▶ **Requirement**
Would you transcribe the line that holds "line L6 (-1.65, 0.375)", plus every line beneath it through the end of the data, exactly and with nothing added?

Content starts

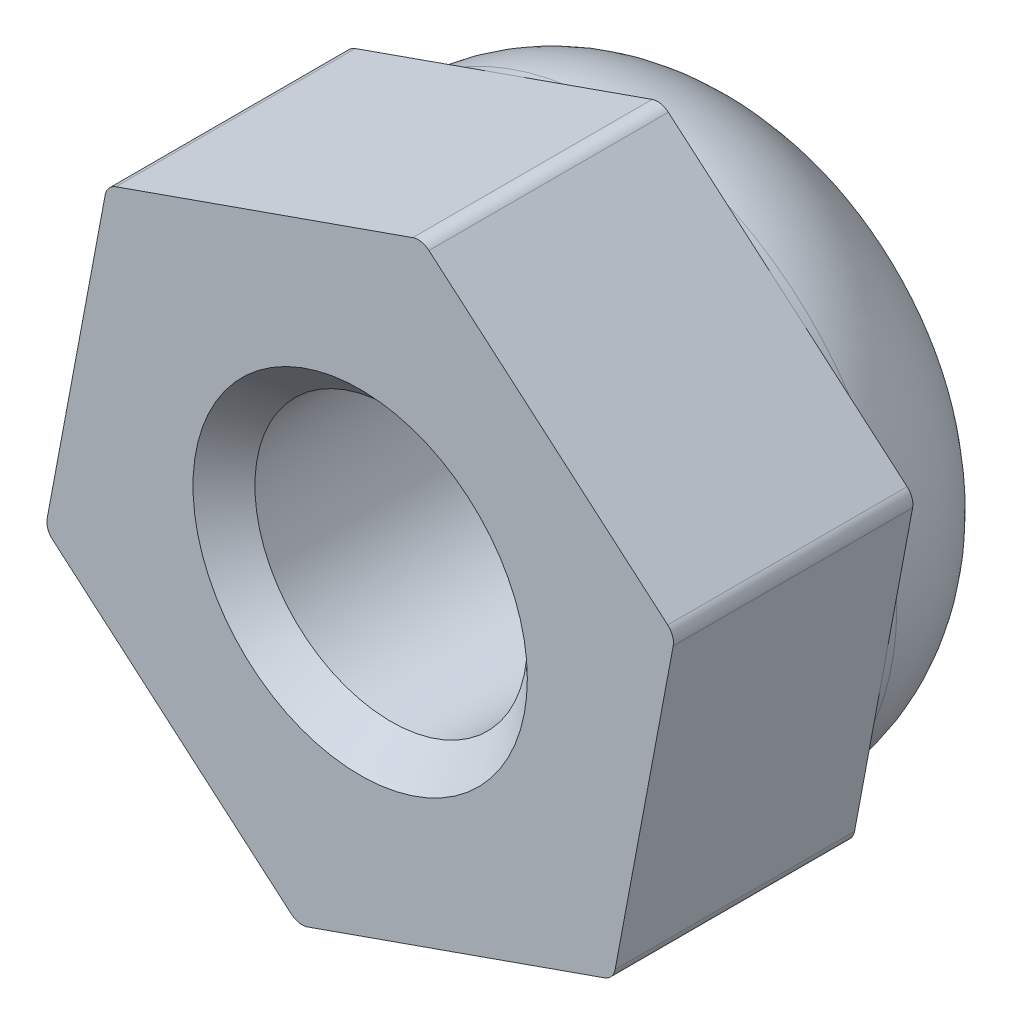
SolidWorks part; units mm, degrees
ref_plane "前视基准面" through (0, 0, 0) normal (0, 0, 1) x (1, 0, 0)
ref_plane "上视基准面" through (0, 0, 0) normal (0, 1, 0) x (1, 0, 0)
ref_plane "右视基准面" through (0, 0, 0) normal (1, 0, 0) x (0, 0, -1)
sketch "草图1" plane through (0, 0, 0) normal (0, 0, 1) x (1, 0, 0)
  line L1 (3.0672, -2.6317) -> (3.8127, 1.3404)
  line L2 (3.8127, 1.3404) -> (0.7455, 3.9721)
  line L3 (0.7455, 3.9721) -> (-3.0672, 2.6317)
  line L4 (-3.0672, 2.6317) -> (-3.8127, -1.3404)
  line L5 (-3.8127, -1.3404) -> (-0.7455, -3.9721)
  line L6 (-0.7455, -3.9721) -> (3.0672, -2.6317)
  circle A0 centre (0, 0) radius 3.5 construction
  dimension "D1" = 7
extrude "凸台-拉伸1" add sketch "草图1" along normal blind 2.9
sketch "草图2" plane through (0, 0, 2.9) normal (0, 0, 1) x (1, 0, 0)
  line L0 (3.8127, 1.3404) -> (0.7455, 3.9721) construction
  circle A0 centre (0, 0) radius 3.5
extrude "凸台-拉伸3" add sketch "草图2" against normal blind 5
fillet "圆角1" radius 2 1 edges at (3.5, 0, -2.1)
fillet "圆角2" radius 0.2 6 edges at (3.0672, -2.6317, 1.45) (3.8127, 1.3404, 1.45) (0.7455, 3.9721, 1.45) (-3.0672, 2.6317, 1.45) (-3.8127, -1.3404, 1.45) (-0.7455, -3.9721, 1.45)
hole_wizard "M4 螺纹孔2" positions "草图8" profile "草图7" tap size "M4" standard "GB"
sketch "草图8" plane through (0, 0, 2.9) normal (0, 0, 1) x (1, 0, 0)
  point P0 (0, 0)
sketch "草图7" plane through (0, 0, 2.9) normal (1, 0, 0) x (0, -1, 0)
  line L0 (0, 0) -> (0, 11.0914)
  line L1 (0, 11.0914) -> (1.65, 10.1)
  line L2 (1.65, 10.1) -> (1.65, 0.375)
  line L3 (1.65, 0.375) -> (2.025, 0)
  line L5 (2.025, 0) -> (0, 0)
  line L6 (-1.65, 0.375) -> (-2.025, 0) construction
  line L10 (0, 11.0914) -> (-1.65, 10.1) construction
  line L11 (0, -6.35) -> (0, 107.95) construction
  dimension "螺纹孔钻头直径" = 3.3
  dimension "螺纹孔钻头深度" = 10.1
  dimension "近端锥形沉头孔直径" = 4.05
  dimension "近端锥形沉头孔角度" = 90
  dimension "导头角度" = 118
cosmetic thread "孔螺蚊线2" parameters "D1"=4.9944, "D2"=4

Content ends

▶ **Task answer**
  line L6 (-1.65, 0.375) -> (-2.025, 0) construction
  line L10 (0, 11.0914) -> (-1.65, 10.1) construction
  line L11 (0, -6.35) -> (0, 107.95) construction
  dimension "螺纹孔钻头直径" = 3.3
  dimension "螺纹孔钻头深度" = 10.1
  dimension "近端锥形沉头孔直径" = 4.05
  dimension "近端锥形沉头孔角度" = 90
  dimension "导头角度" = 118
cosmetic thread "孔螺蚊线2" parameters "D1"=4.9944, "D2"=4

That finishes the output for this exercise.